ASSIGNED TASK →
Pull each line containing "ezdxf" out of the listing below.
━━━━━━
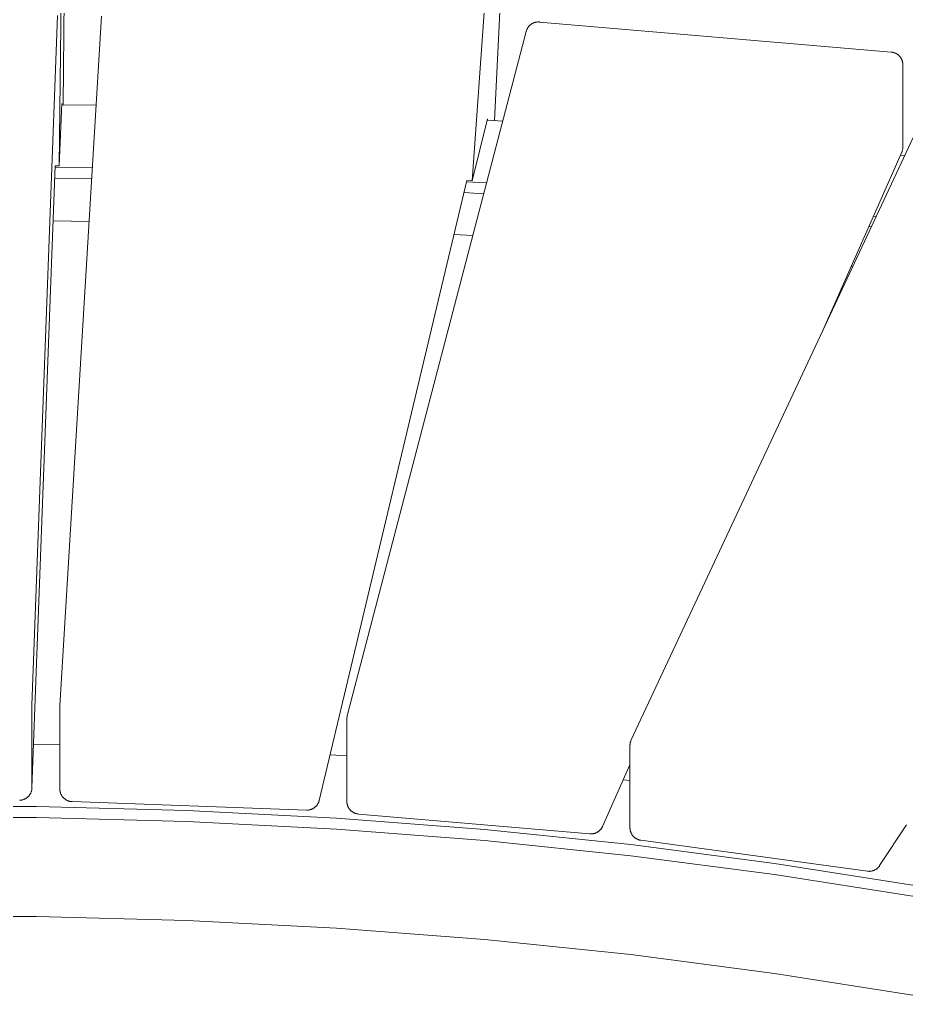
# Model space of a CAD drawing. Header units: millimetres. Extents: x -507 to 4570, y -12 to 3479.
# Drawn here: x 3618.3 to 3826.1, y 1471.9 to 1700.6 of the extents above; entities that cross this region are included whole.
import ezdxf

# ---------------------------------------------------------------- set-up
doc = ezdxf.new("R2010")
doc.units = ezdxf.units.MM
doc.layers.add('ZANO_R', color=7, linetype='Continuous', lineweight=0)

msp = doc.modelspace()

# ---------------------------------------------------------------- linework, layer by layer
at = {"layer": 'ZANO_R'}
for p, q in [((3627.55, 1666.36), (3629.64, 1829.94)), ((3628.49, 1680.66), (3629.85, 1829.93)), ((3724.37, 1662.87), (3735.82, 1826.12)), ((3729.55, 1676.98), (3736.95, 1826.05)), ((3621.19, 1539.95), (3627.2, 1701.62)), ((3627.73, 1539.83), (3637.45, 1701.46)), ((3737.93, 1699.35), (3738.01, 1699.42)), ((3738.01, 1699.42), (3738.09, 1699.48)), ((3738.09, 1699.48), (3738.17, 1699.54)), ((3738.17, 1699.54), (3738.26, 1699.6)), ((3738.26, 1699.6), (3738.34, 1699.65)), ((3738.34, 1699.65), (3738.43, 1699.71)), ((3738.43, 1699.71), (3738.52, 1699.75)), ((3738.52, 1699.75), (3738.62, 1699.8)), ((3738.62, 1699.8), (3738.71, 1699.84)), ((3738.71, 1699.84), (3738.81, 1699.88)), ((3738.81, 1699.88), (3738.9, 1699.91)), ((3738.9, 1699.91), (3739, 1699.95)), ((3739, 1699.95), (3739.1, 1699.97)), ((3739.1, 1699.97), (3739.2, 1700)), ((3739.2, 1700), (3739.3, 1700.02)), ((3739.3, 1700.02), (3739.4, 1700.04)), ((3739.4, 1700.04), (3739.5, 1700.05)), ((3739.5, 1700.05), (3739.6, 1700.06)), ((3739.6, 1700.06), (3739.71, 1700.07)), ((3739.71, 1700.07), (3739.81, 1700.07)), ((3739.81, 1700.07), (3739.91, 1700.07)), ((3739.91, 1700.07), (3740.02, 1700.07)), ((3740.02, 1700.07), (3740.12, 1700.06)), ((3740.12, 1700.06), (3822.55, 1693)), ((3695.07, 1537.48), (3737, 1697.86)), ((3737, 1697.86), (3737.02, 1697.94)), ((3737.02, 1697.94), (3737.04, 1698.02)), ((3737.04, 1698.02), (3737.07, 1698.09)), ((3737.07, 1698.09), (3737.11, 1698.19)), ((3737.11, 1698.19), (3737.14, 1698.29)), ((3737.14, 1698.29), (3737.19, 1698.38)), ((3737.19, 1698.38), (3737.23, 1698.47)), ((3737.23, 1698.47), (3737.28, 1698.56)), ((3737.28, 1698.56), (3737.33, 1698.65)), ((3737.33, 1698.65), (3737.39, 1698.74)), ((3737.39, 1698.74), (3737.45, 1698.82)), ((3737.45, 1698.82), (3737.51, 1698.91)), ((3737.51, 1698.91), (3737.57, 1698.99)), ((3737.57, 1698.99), (3737.64, 1699.06)), ((3737.64, 1699.06), (3737.71, 1699.14)), ((3737.71, 1699.14), (3737.78, 1699.21)), ((3737.78, 1699.21), (3737.85, 1699.29)), ((3737.85, 1699.29), (3737.93, 1699.35)), ((3822.55, 1693), (3822.65, 1692.99)), ((3822.65, 1692.99), (3822.75, 1692.98)), ((3822.75, 1692.98), (3822.85, 1692.96)), ((3822.85, 1692.96), (3822.95, 1692.94)), ((3822.95, 1692.94), (3823.05, 1692.91)), ((3823.05, 1692.91), (3823.15, 1692.89)), ((3823.15, 1692.89), (3823.25, 1692.86)), ((3823.25, 1692.86), (3823.34, 1692.82)), ((3823.34, 1692.82), (3823.44, 1692.78)), ((3823.44, 1692.78), (3823.53, 1692.74)), ((3823.53, 1692.74), (3823.62, 1692.7)), ((3823.62, 1692.7), (3823.71, 1692.65)), ((3823.71, 1692.65), (3823.8, 1692.6)), ((3823.8, 1692.6), (3823.89, 1692.55)), ((3823.89, 1692.55), (3823.98, 1692.49)), ((3823.98, 1692.49), (3824.06, 1692.43)), ((3824.06, 1692.43), (3824.14, 1692.37)), ((3824.14, 1692.37), (3824.22, 1692.3)), ((3824.22, 1692.3), (3824.3, 1692.23)), ((3824.3, 1692.23), (3824.37, 1692.16)), ((3824.37, 1692.16), (3824.44, 1692.09)), ((3824.44, 1692.09), (3824.51, 1692.02)), ((3824.51, 1692.02), (3824.58, 1691.94)), ((3824.58, 1691.94), (3824.64, 1691.86)), ((3824.64, 1691.86), (3824.7, 1691.78)), ((3824.7, 1691.78), (3824.76, 1691.69)), ((3824.76, 1691.69), (3824.82, 1691.61)), ((3824.82, 1691.61), (3824.87, 1691.52)), ((3824.87, 1691.52), (3824.92, 1691.43)), ((3824.92, 1691.43), (3824.96, 1691.34)), ((3824.96, 1691.34), (3825.01, 1691.24)), ((3825.01, 1691.24), (3825.05, 1691.15)), ((3825.05, 1691.15), (3825.08, 1691.05)), ((3825.08, 1691.05), (3825.11, 1690.96)), ((3825.11, 1690.96), (3825.14, 1690.86)), ((3825.14, 1690.86), (3825.17, 1690.76)), ((3825.17, 1690.76), (3825.19, 1690.66)), ((3825.19, 1690.66), (3825.21, 1690.56)), ((3825.21, 1690.56), (3825.23, 1690.46)), ((3825.23, 1690.46), (3825.24, 1690.36)), ((3825.24, 1690.36), (3825.25, 1690.25)), ((3825.25, 1690.25), (3825.25, 1690.15)), ((3761.6, 1531.82), (3835.32, 1689.38)), ((3825.25, 1690.15), (3825.26, 1690.05)), ((3825.26, 1690.05), (3825.26, 1670.72)), ((3628.2, 1680.97), (3627.55, 1666.36)), ((3628.2, 1680.97), (3628.2, 1680.66)), ((3636.19, 1680.55), (3628.2, 1680.66)), ((3727.93, 1677.39), (3724.37, 1662.87)), ((3727.93, 1677.39), (3727.93, 1677.08)), ((3731.51, 1676.86), (3727.93, 1677.08)), ((3825.06, 1669.66), (3825.03, 1669.59)), ((3825.09, 1669.74), (3825.06, 1669.66)), ((3825.12, 1669.83), (3825.09, 1669.74)), ((3825.15, 1669.93), (3825.12, 1669.83)), ((3825.17, 1670.02), (3825.15, 1669.93)), ((3825.2, 1670.12), (3825.17, 1670.02)), ((3825.21, 1670.22), (3825.2, 1670.12)), ((3825.23, 1670.32), (3825.21, 1670.22)), ((3825.24, 1670.42), (3825.23, 1670.32)), ((3825.25, 1670.52), (3825.24, 1670.42)), ((3825.25, 1670.62), (3825.25, 1670.52)), ((3825.26, 1670.72), (3825.25, 1670.62)), ((3825, 1669.52), (3806.18, 1627.1)), ((3825.67, 1668.76), (3824.71, 1668.86)), ((3825.03, 1669.59), (3825, 1669.52)), ((3626.61, 1666.37), (3621.19, 1520.62)), ((3626.6, 1666.05), (3635.31, 1665.94)), ((3626.61, 1666.37), (3627.55, 1666.36)), ((3635.16, 1663.36), (3626.5, 1663.48)), ((3723.09, 1662.95), (3688.49, 1517.64)), ((3723.09, 1662.95), (3724.37, 1662.87)), ((3723.01, 1662.64), (3727.72, 1662.36)), ((3727.05, 1659.82), (3722.41, 1660.1)), ((3818.37, 1654.58), (3819, 1654.51)), ((3634.56, 1653.34), (3626.13, 1653.45)), ((3817.86, 1652.06), (3817.28, 1652.12)), ((3724.5, 1650.04), (3720.07, 1650.29)), ((3813.52, 1642.79), (3813.16, 1642.83)), ((3621.19, 1520.62), (3621.19, 1539.95)), ((3627.72, 1539.74), (3627.73, 1539.83)), ((3627.72, 1539.65), (3627.72, 1539.74)), ((3627.72, 1520.32), (3627.72, 1539.65)), ((3694.97, 1536.73), (3695.07, 1537.48)), ((3694.97, 1517.41), (3694.97, 1536.73)), ((3621.57, 1530.84), (3627.72, 1530.75)), ((3761.32, 1530.67), (3761.33, 1530.77)), ((3761.32, 1530.57), (3761.32, 1530.67)), ((3761.32, 1511.24), (3761.32, 1530.57)), ((3761.33, 1530.87), (3761.35, 1530.96)), ((3761.33, 1530.77), (3761.33, 1530.87)), ((3761.35, 1530.96), (3761.36, 1531.06)), ((3761.36, 1531.06), (3761.38, 1531.16)), ((3761.38, 1531.16), (3761.4, 1531.26)), ((3761.4, 1531.26), (3761.43, 1531.36)), ((3761.43, 1531.36), (3761.45, 1531.45)), ((3761.45, 1531.45), (3761.48, 1531.55)), ((3761.48, 1531.55), (3761.52, 1531.64)), ((3761.52, 1531.64), (3761.56, 1531.73)), ((3761.56, 1531.73), (3761.6, 1531.82)), ((3691.04, 1528.33), (3694.97, 1528.09)), ((3761.32, 1526.01), (3754.91, 1511.55)), ((3759.75, 1522.47), (3761.32, 1522.3)), ((3620.51, 1518.75), (3620.44, 1518.67)), ((3620.57, 1518.83), (3620.51, 1518.75)), ((3620.64, 1518.91), (3620.57, 1518.83)), ((3620.69, 1518.99), (3620.64, 1518.91)), ((3620.75, 1519.08), (3620.69, 1518.99)), ((3620.8, 1519.17), (3620.75, 1519.08)), ((3620.85, 1519.26), (3620.8, 1519.17)), ((3620.9, 1519.35), (3620.85, 1519.26)), ((3620.94, 1519.44), (3620.9, 1519.35)), ((3620.98, 1519.54), (3620.94, 1519.44)), ((3621.02, 1519.63), (3620.98, 1519.54)), ((3621.05, 1519.73), (3621.02, 1519.63)), ((3621.08, 1519.83), (3621.05, 1519.73)), ((3621.11, 1519.92), (3621.08, 1519.83)), ((3621.13, 1520.02), (3621.11, 1519.92)), ((3621.15, 1520.12), (3621.13, 1520.02)), ((3621.17, 1520.23), (3621.15, 1520.12)), ((3621.18, 1520.33), (3621.17, 1520.23)), ((3621.19, 1520.43), (3621.18, 1520.33)), ((3621.2, 1520.62), (3621.19, 1520.53)), ((3621.19, 1520.53), (3621.19, 1520.43)), ((3627.72, 1520.22), (3627.72, 1520.32)), ((3627.73, 1520.11), (3627.72, 1520.22)), ((3627.74, 1520.01), (3627.73, 1520.11)), ((3627.75, 1519.91), (3627.74, 1520.01)), ((3627.77, 1519.81), (3627.75, 1519.91)), ((3627.79, 1519.7), (3627.77, 1519.81)), ((3627.81, 1519.6), (3627.79, 1519.7)), ((3627.84, 1519.5), (3627.81, 1519.6)), ((3627.87, 1519.41), (3627.84, 1519.5)), ((3627.9, 1519.31), (3627.87, 1519.41)), ((3627.94, 1519.21), (3627.9, 1519.31)), ((3627.98, 1519.12), (3627.94, 1519.21)), ((3628.02, 1519.02), (3627.98, 1519.12)), ((3628.07, 1518.93), (3628.02, 1519.02)), ((3628.12, 1518.84), (3628.07, 1518.93)), ((3628.17, 1518.75), (3628.12, 1518.84)), ((3628.23, 1518.66), (3628.17, 1518.75)), ((3618.37, 1517.68), (3618.27, 1517.68)), ((3618.47, 1517.69), (3618.37, 1517.68)), ((3618.58, 1517.7), (3618.47, 1517.69)), ((3618.68, 1517.71), (3618.58, 1517.7)), ((3618.78, 1517.73), (3618.68, 1517.71)), ((3618.88, 1517.75), (3618.78, 1517.73)), ((3618.98, 1517.77), (3618.88, 1517.75)), ((3619.08, 1517.8), (3618.98, 1517.77)), ((3619.17, 1517.83), (3619.08, 1517.8)), ((3619.27, 1517.87), (3619.17, 1517.83)), ((3619.37, 1517.9), (3619.27, 1517.87)), ((3619.46, 1517.95), (3619.37, 1517.9)), ((3619.55, 1517.99), (3619.46, 1517.95)), ((3619.64, 1518.04), (3619.55, 1517.99)), ((3619.73, 1518.09), (3619.64, 1518.04)), ((3619.82, 1518.14), (3619.73, 1518.09)), ((3619.91, 1518.2), (3619.82, 1518.14)), ((3619.99, 1518.26), (3619.91, 1518.2)), ((3620.07, 1518.32), (3619.99, 1518.26)), ((3620.15, 1518.38), (3620.07, 1518.32)), ((3620.23, 1518.45), (3620.15, 1518.38)), ((3620.3, 1518.52), (3620.23, 1518.45)), ((3620.37, 1518.59), (3620.3, 1518.52)), ((3620.44, 1518.67), (3620.37, 1518.59)), ((3628.29, 1518.58), (3628.23, 1518.66)), ((3628.35, 1518.5), (3628.29, 1518.58)), ((3628.41, 1518.42), (3628.35, 1518.5)), ((3628.48, 1518.34), (3628.41, 1518.42)), ((3628.55, 1518.26), (3628.48, 1518.34)), ((3628.63, 1518.19), (3628.55, 1518.26)), ((3628.7, 1518.12), (3628.63, 1518.19)), ((3628.78, 1518.05), (3628.7, 1518.12)), ((3628.86, 1517.99), (3628.78, 1518.05)), ((3628.94, 1517.92), (3628.86, 1517.99)), ((3629.03, 1517.87), (3628.94, 1517.92)), ((3629.11, 1517.81), (3629.03, 1517.87)), ((3629.2, 1517.76), (3629.11, 1517.81)), ((3629.29, 1517.71), (3629.2, 1517.76)), ((3629.38, 1517.66), (3629.29, 1517.71)), ((3629.48, 1517.61), (3629.38, 1517.66)), ((3629.57, 1517.57), (3629.48, 1517.61)), ((3629.67, 1517.54), (3629.57, 1517.57)), ((3629.77, 1517.5), (3629.67, 1517.54)), ((3629.87, 1517.47), (3629.77, 1517.5)), ((3629.97, 1517.45), (3629.87, 1517.47)), ((3630.07, 1517.42), (3629.97, 1517.45)), ((3630.17, 1517.4), (3630.07, 1517.42)), ((3630.27, 1517.39), (3630.17, 1517.4)), ((3630.37, 1517.37), (3630.27, 1517.39)), ((3630.48, 1517.36), (3630.37, 1517.37)), ((3630.58, 1517.36), (3630.48, 1517.36)), ((3685.5, 1515.37), (3630.58, 1517.36)), ((3687.91, 1516.47), (3687.85, 1516.39)), ((3687.98, 1516.55), (3687.91, 1516.47)), ((3688.03, 1516.63), (3687.98, 1516.55)), ((3688.09, 1516.71), (3688.03, 1516.63)), ((3688.15, 1516.8), (3688.09, 1516.71)), ((3688.2, 1516.89), (3688.15, 1516.8)), ((3688.24, 1516.98), (3688.2, 1516.89)), ((3688.29, 1517.07), (3688.24, 1516.98)), ((3688.33, 1517.16), (3688.29, 1517.07)), ((3688.37, 1517.26), (3688.33, 1517.16)), ((3688.41, 1517.35), (3688.37, 1517.26)), ((3688.44, 1517.45), (3688.41, 1517.35)), ((3688.47, 1517.55), (3688.44, 1517.45)), ((3688.49, 1517.64), (3688.47, 1517.55)), ((3694.98, 1517.3), (3694.97, 1517.41)), ((3694.98, 1517.2), (3694.98, 1517.3)), ((3694.99, 1517.1), (3694.98, 1517.2)), ((3695, 1517), (3694.99, 1517.1)), ((3695.02, 1516.9), (3695, 1517)), ((3695.04, 1516.8), (3695.02, 1516.9)), ((3695.06, 1516.7), (3695.04, 1516.8)), ((3695.09, 1516.6), (3695.06, 1516.7)), ((3695.12, 1516.5), (3695.09, 1516.6)), ((3695.15, 1516.4), (3695.12, 1516.5)), ((3695.19, 1516.31), (3695.15, 1516.4)), ((3587.01, 1516.21), (3622.28, 1516.21)), ((3622.28, 1516.21), (3657.51, 1515.3)), ((3657.51, 1515.3), (3692.55, 1513.5)), ((3685.6, 1515.37), (3685.5, 1515.37)), ((3685.7, 1515.37), (3685.6, 1515.37)), ((3685.81, 1515.37), (3685.7, 1515.37)), ((3685.91, 1515.38), (3685.81, 1515.37)), ((3686.01, 1515.39), (3685.91, 1515.38)), ((3686.11, 1515.41), (3686.01, 1515.39)), ((3686.21, 1515.43), (3686.11, 1515.41)), ((3686.31, 1515.45), (3686.21, 1515.43)), ((3686.41, 1515.48), (3686.31, 1515.45)), ((3686.5, 1515.51), (3686.41, 1515.48)), ((3686.6, 1515.54), (3686.5, 1515.51)), ((3686.7, 1515.57), (3686.6, 1515.54)), ((3686.79, 1515.61), (3686.7, 1515.57)), ((3686.88, 1515.65), (3686.79, 1515.61)), ((3686.97, 1515.7), (3686.88, 1515.65)), ((3687.06, 1515.75), (3686.97, 1515.7)), ((3687.15, 1515.8), (3687.06, 1515.75)), ((3687.24, 1515.85), (3687.15, 1515.8)), ((3687.32, 1515.91), (3687.24, 1515.85)), ((3687.4, 1515.97), (3687.32, 1515.91)), ((3687.48, 1516.04), (3687.4, 1515.97)), ((3687.56, 1516.1), (3687.48, 1516.04)), ((3687.64, 1516.17), (3687.56, 1516.1)), ((3687.71, 1516.24), (3687.64, 1516.17)), ((3687.78, 1516.31), (3687.71, 1516.24)), ((3687.85, 1516.39), (3687.78, 1516.31)), ((3695.23, 1516.21), (3695.19, 1516.31)), ((3695.27, 1516.12), (3695.23, 1516.21)), ((3695.31, 1516.03), (3695.27, 1516.12)), ((3695.36, 1515.94), (3695.31, 1516.03)), ((3695.42, 1515.85), (3695.36, 1515.94)), ((3695.47, 1515.76), (3695.42, 1515.85)), ((3695.53, 1515.68), (3695.47, 1515.76)), ((3695.59, 1515.6), (3695.53, 1515.68)), ((3695.65, 1515.52), (3695.59, 1515.6)), ((3695.72, 1515.44), (3695.65, 1515.52)), ((3695.79, 1515.36), (3695.72, 1515.44)), ((3695.86, 1515.29), (3695.79, 1515.36)), ((3695.94, 1515.22), (3695.86, 1515.29)), ((3696.01, 1515.15), (3695.94, 1515.22)), ((3696.09, 1515.09), (3696.01, 1515.15)), ((3696.17, 1515.03), (3696.09, 1515.09)), ((3696.26, 1514.97), (3696.17, 1515.03)), ((3696.34, 1514.91), (3696.26, 1514.97)), ((3696.43, 1514.86), (3696.34, 1514.91)), ((3696.52, 1514.8), (3696.43, 1514.86)), ((3696.61, 1514.76), (3696.52, 1514.8)), ((3696.7, 1514.71), (3696.61, 1514.76)), ((3696.79, 1514.67), (3696.7, 1514.71)), ((3696.89, 1514.63), (3696.79, 1514.67)), ((3696.99, 1514.6), (3696.89, 1514.63)), ((3697.08, 1514.57), (3696.99, 1514.6)), ((3697.18, 1514.54), (3697.08, 1514.57)), ((3697.28, 1514.52), (3697.18, 1514.54)), ((3697.38, 1514.49), (3697.28, 1514.52)), ((3697.48, 1514.48), (3697.38, 1514.49)), ((3697.58, 1514.46), (3697.48, 1514.48)), ((3697.69, 1514.45), (3697.58, 1514.46)), ((3751.94, 1509.8), (3697.69, 1514.45)), ((3587.01, 1513.63), (3622.28, 1513.63)), ((3622.28, 1513.63), (3657.51, 1512.72)), ((3657.51, 1512.72), (3692.55, 1510.92)), ((3692.55, 1513.5), (3727.26, 1510.82)), ((3826.11, 1511.89), (3819.82, 1502.35)), ((3692.55, 1510.92), (3727.26, 1508.24)), ((3727.26, 1510.82), (3761.51, 1507.27)), ((3752.05, 1509.8), (3751.94, 1509.8)), ((3752.15, 1509.79), (3752.05, 1509.8)), ((3752.25, 1509.79), (3752.15, 1509.79)), ((3752.35, 1509.8), (3752.25, 1509.79)), ((3752.45, 1509.8), (3752.35, 1509.8)), ((3752.55, 1509.82), (3752.45, 1509.8)), ((3752.66, 1509.83), (3752.55, 1509.82)), ((3752.76, 1509.85), (3752.66, 1509.83)), ((3752.86, 1509.87), (3752.76, 1509.85)), ((3752.95, 1509.89), (3752.86, 1509.87)), ((3753.05, 1509.92), (3752.95, 1509.89)), ((3753.15, 1509.95), (3753.05, 1509.92)), ((3753.25, 1509.99), (3753.15, 1509.95)), ((3753.34, 1510.02), (3753.25, 1509.99)), ((3753.43, 1510.06), (3753.34, 1510.02)), ((3753.53, 1510.11), (3753.43, 1510.06)), ((3753.62, 1510.16), (3753.53, 1510.11)), ((3753.7, 1510.21), (3753.62, 1510.16)), ((3753.79, 1510.26), (3753.7, 1510.21)), ((3753.88, 1510.32), (3753.79, 1510.26)), ((3753.96, 1510.37), (3753.88, 1510.32)), ((3754.04, 1510.44), (3753.96, 1510.37)), ((3754.12, 1510.5), (3754.04, 1510.44)), ((3754.2, 1510.57), (3754.12, 1510.5)), ((3754.27, 1510.64), (3754.2, 1510.57)), ((3754.34, 1510.71), (3754.27, 1510.64)), ((3754.41, 1510.79), (3754.34, 1510.71)), ((3754.48, 1510.86), (3754.41, 1510.79)), ((3754.54, 1510.94), (3754.48, 1510.86)), ((3754.6, 1511.03), (3754.54, 1510.94)), ((3754.66, 1511.11), (3754.6, 1511.03)), ((3754.71, 1511.19), (3754.66, 1511.11)), ((3754.77, 1511.28), (3754.71, 1511.19)), ((3754.82, 1511.37), (3754.77, 1511.28)), ((3754.86, 1511.46), (3754.82, 1511.37)), ((3754.91, 1511.55), (3754.86, 1511.46)), ((3761.32, 1511.14), (3761.32, 1511.24)), ((3761.33, 1511.03), (3761.32, 1511.14)), ((3761.33, 1510.93), (3761.33, 1511.03)), ((3761.35, 1510.83), (3761.33, 1510.93)), ((3761.36, 1510.73), (3761.35, 1510.83)), ((3761.38, 1510.63), (3761.36, 1510.73)), ((3761.4, 1510.54), (3761.38, 1510.63)), ((3761.43, 1510.44), (3761.4, 1510.54)), ((3761.46, 1510.34), (3761.43, 1510.44)), ((3761.49, 1510.24), (3761.46, 1510.34)), ((3761.53, 1510.15), (3761.49, 1510.24)), ((3761.56, 1510.06), (3761.53, 1510.15)), ((3761.61, 1509.96), (3761.56, 1510.06)), ((3761.65, 1509.87), (3761.61, 1509.96)), ((3761.7, 1509.78), (3761.65, 1509.87)), ((3761.75, 1509.7), (3761.7, 1509.78)), ((3761.8, 1509.61), (3761.75, 1509.7)), ((3761.86, 1509.53), (3761.8, 1509.61)), ((3727.26, 1508.24), (3761.51, 1504.69)), ((3761.51, 1507.27), (3795.16, 1502.89)), ((3761.92, 1509.45), (3761.86, 1509.53)), ((3761.98, 1509.37), (3761.92, 1509.45)), ((3762.05, 1509.29), (3761.98, 1509.37)), ((3762.12, 1509.21), (3762.05, 1509.29)), ((3762.19, 1509.14), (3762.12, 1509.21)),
━━━━━━
THE ANSWER →
import ezdxf
doc = ezdxf.new("R2010")
doc.units = ezdxf.units.MM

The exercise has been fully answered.